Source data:
=== Section Start ===
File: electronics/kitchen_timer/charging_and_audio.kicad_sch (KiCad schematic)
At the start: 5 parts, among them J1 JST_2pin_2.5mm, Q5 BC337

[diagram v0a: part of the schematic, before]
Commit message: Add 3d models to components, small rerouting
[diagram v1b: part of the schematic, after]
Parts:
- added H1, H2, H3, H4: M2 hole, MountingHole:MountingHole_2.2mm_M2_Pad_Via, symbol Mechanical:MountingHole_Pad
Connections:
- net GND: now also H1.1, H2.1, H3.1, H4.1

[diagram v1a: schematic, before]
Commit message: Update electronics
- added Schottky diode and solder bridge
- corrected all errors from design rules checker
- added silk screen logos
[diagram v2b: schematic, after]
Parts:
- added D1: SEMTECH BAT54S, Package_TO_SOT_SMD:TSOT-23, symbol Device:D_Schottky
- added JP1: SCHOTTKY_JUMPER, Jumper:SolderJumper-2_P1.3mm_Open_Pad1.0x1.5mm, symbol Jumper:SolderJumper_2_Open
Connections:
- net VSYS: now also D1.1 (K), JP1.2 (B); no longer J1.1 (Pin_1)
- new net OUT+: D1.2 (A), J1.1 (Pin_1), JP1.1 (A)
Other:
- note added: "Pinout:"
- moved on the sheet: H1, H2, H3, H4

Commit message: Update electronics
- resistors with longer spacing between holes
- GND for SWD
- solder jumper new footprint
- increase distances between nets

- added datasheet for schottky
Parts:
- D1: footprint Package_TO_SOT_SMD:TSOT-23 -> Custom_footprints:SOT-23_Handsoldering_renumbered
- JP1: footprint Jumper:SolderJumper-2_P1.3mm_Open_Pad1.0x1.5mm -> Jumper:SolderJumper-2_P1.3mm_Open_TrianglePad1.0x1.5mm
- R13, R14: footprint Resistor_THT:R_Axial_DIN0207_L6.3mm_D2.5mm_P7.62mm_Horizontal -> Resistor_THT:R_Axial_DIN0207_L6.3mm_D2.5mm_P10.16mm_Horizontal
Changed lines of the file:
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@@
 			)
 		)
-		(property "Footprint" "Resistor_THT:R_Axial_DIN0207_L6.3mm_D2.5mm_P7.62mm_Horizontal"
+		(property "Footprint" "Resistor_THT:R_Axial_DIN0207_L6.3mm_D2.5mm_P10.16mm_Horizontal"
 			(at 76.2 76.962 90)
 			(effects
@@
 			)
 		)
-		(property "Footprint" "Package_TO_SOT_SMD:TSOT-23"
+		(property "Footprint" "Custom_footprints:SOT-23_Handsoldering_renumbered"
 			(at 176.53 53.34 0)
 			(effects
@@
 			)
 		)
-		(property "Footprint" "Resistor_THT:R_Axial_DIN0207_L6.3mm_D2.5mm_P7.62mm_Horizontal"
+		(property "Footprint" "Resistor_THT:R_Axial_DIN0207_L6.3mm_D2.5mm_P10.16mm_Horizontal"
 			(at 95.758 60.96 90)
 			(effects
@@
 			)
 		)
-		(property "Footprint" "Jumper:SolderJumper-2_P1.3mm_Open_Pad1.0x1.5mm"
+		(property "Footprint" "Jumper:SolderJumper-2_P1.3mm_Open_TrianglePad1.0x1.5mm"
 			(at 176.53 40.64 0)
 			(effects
=== Section End ===
Once you have read the entries, write them out again without altering a single character.

File: electronics/kitchen_timer/charging_and_audio.kicad_sch (KiCad schematic)
At the start: 5 parts, among them J1 JST_2pin_2.5mm, Q5 BC337

[diagram v0a: part of the schematic, before]
Commit message: Add 3d models to components, small rerouting
[diagram v1b: part of the schematic, after]
Parts:
- added H1, H2, H3, H4: M2 hole, MountingHole:MountingHole_2.2mm_M2_Pad_Via, symbol Mechanical:MountingHole_Pad
Connections:
- net GND: now also H1.1, H2.1, H3.1, H4.1

[diagram v1a: schematic, before]
Commit message: Update electronics
- added Schottky diode and solder bridge
- corrected all errors from design rules checker
- added silk screen logos
[diagram v2b: schematic, after]
Parts:
- added D1: SEMTECH BAT54S, Package_TO_SOT_SMD:TSOT-23, symbol Device:D_Schottky
- added JP1: SCHOTTKY_JUMPER, Jumper:SolderJumper-2_P1.3mm_Open_Pad1.0x1.5mm, symbol Jumper:SolderJumper_2_Open
Connections:
- net VSYS: now also D1.1 (K), JP1.2 (B); no longer J1.1 (Pin_1)
- new net OUT+: D1.2 (A), J1.1 (Pin_1), JP1.1 (A)
Other:
- note added: "Pinout:"
- moved on the sheet: H1, H2, H3, H4

Commit message: Update electronics
- resistors with longer spacing between holes
- GND for SWD
- solder jumper new footprint
- increase distances between nets

- added datasheet for schottky
Parts:
- D1: footprint Package_TO_SOT_SMD:TSOT-23 -> Custom_footprints:SOT-23_Handsoldering_renumbered
- JP1: footprint Jumper:SolderJumper-2_P1.3mm_Open_Pad1.0x1.5mm -> Jumper:SolderJumper-2_P1.3mm_Open_TrianglePad1.0x1.5mm
- R13, R14: footprint Resistor_THT:R_Axial_DIN0207_L6.3mm_D2.5mm_P7.62mm_Horizontal -> Resistor_THT:R_Axial_DIN0207_L6.3mm_D2.5mm_P10.16mm_Horizontal
Changed lines of the file:
@@
 			)
 		)
-		(property "Footprint" "Resistor_THT:R_Axial_DIN0207_L6.3mm_D2.5mm_P7.62mm_Horizontal"
+		(property "Footprint" "Resistor_THT:R_Axial_DIN0207_L6.3mm_D2.5mm_P10.16mm_Horizontal"
 			(at 76.2 76.962 90)
 			(effects
@@
 			)
 		)
-		(property "Footprint" "Package_TO_SOT_SMD:TSOT-23"
+		(property "Footprint" "Custom_footprints:SOT-23_Handsoldering_renumbered"
 			(at 176.53 53.34 0)
 			(effects
@@
 			)
 		)
-		(property "Footprint" "Resistor_THT:R_Axial_DIN0207_L6.3mm_D2.5mm_P7.62mm_Horizontal"
+		(property "Footprint" "Resistor_THT:R_Axial_DIN0207_L6.3mm_D2.5mm_P10.16mm_Horizontal"
 			(at 95.758 60.96 90)
 			(effects
@@
 			)
 		)
-		(property "Footprint" "Jumper:SolderJumper-2_P1.3mm_Open_Pad1.0x1.5mm"
+		(property "Footprint" "Jumper:SolderJumper-2_P1.3mm_Open_TrianglePad1.0x1.5mm"
 			(at 176.53 40.64 0)
 			(effects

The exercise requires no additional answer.